- [DESCRIPTION OF THE TASK]
Which lines below mention "Camada"? Pick each one out.

(Source data)
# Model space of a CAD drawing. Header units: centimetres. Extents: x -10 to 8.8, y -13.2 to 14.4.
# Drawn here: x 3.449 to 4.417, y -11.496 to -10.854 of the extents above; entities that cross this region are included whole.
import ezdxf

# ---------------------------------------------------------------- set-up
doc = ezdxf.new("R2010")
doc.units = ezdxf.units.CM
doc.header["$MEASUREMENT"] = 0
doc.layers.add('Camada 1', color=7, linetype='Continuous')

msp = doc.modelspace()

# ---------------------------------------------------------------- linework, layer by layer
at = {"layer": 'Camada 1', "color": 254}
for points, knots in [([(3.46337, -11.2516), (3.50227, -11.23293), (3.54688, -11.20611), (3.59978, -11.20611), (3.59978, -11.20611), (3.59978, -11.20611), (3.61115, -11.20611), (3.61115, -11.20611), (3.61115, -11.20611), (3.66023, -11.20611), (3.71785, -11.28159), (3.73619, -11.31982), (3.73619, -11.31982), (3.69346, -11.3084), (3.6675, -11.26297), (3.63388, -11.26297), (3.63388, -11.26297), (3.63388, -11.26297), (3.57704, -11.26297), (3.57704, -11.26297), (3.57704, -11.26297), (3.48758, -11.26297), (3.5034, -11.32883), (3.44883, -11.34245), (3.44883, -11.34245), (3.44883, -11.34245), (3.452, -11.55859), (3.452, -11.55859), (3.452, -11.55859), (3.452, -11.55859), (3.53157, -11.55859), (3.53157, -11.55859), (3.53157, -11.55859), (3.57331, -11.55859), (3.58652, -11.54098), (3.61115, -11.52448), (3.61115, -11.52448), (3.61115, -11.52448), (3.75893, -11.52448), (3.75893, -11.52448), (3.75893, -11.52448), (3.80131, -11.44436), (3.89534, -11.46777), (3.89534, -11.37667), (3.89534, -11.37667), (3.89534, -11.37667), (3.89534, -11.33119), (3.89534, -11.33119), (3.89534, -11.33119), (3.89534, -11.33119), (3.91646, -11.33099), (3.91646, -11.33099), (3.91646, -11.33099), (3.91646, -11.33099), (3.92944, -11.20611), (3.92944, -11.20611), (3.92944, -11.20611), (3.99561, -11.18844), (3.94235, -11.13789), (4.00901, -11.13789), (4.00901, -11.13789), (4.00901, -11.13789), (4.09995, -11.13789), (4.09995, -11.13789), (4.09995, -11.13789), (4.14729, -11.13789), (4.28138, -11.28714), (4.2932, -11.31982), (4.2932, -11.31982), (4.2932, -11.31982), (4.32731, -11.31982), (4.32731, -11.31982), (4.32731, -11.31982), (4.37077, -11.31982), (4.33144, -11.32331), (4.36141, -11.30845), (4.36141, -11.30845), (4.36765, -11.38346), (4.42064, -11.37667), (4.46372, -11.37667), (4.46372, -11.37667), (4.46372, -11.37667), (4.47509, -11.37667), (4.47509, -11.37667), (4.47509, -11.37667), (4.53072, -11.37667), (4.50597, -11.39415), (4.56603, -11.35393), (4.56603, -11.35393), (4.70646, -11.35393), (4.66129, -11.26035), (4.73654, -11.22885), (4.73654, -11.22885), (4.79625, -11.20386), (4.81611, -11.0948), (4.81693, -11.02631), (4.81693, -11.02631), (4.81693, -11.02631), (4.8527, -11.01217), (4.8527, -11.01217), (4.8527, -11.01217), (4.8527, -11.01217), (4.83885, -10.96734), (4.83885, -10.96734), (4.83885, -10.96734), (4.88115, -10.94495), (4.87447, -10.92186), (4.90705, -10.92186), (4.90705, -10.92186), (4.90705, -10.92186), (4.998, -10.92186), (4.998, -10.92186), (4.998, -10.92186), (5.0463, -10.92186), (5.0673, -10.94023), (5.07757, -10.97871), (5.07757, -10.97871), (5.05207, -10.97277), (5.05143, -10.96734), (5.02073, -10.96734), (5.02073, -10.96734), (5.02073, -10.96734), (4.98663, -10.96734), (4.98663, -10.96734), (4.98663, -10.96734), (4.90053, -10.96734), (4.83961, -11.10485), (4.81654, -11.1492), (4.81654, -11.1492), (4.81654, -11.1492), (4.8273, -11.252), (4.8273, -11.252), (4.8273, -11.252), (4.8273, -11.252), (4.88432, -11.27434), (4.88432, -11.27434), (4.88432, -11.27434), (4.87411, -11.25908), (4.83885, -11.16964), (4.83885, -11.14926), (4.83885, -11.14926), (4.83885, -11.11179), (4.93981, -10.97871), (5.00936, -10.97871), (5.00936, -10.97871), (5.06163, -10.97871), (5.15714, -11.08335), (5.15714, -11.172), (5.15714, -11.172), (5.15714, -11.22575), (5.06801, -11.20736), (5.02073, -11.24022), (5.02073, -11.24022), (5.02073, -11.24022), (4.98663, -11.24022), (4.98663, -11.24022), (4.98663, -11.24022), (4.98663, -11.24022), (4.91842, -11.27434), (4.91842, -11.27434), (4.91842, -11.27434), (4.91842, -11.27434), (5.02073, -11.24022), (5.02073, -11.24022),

- [ANSWER SECTION]
doc.layers.add('Camada 1', color=7, linetype='Continuous')
at = {"layer": 'Camada 1', "color": 254}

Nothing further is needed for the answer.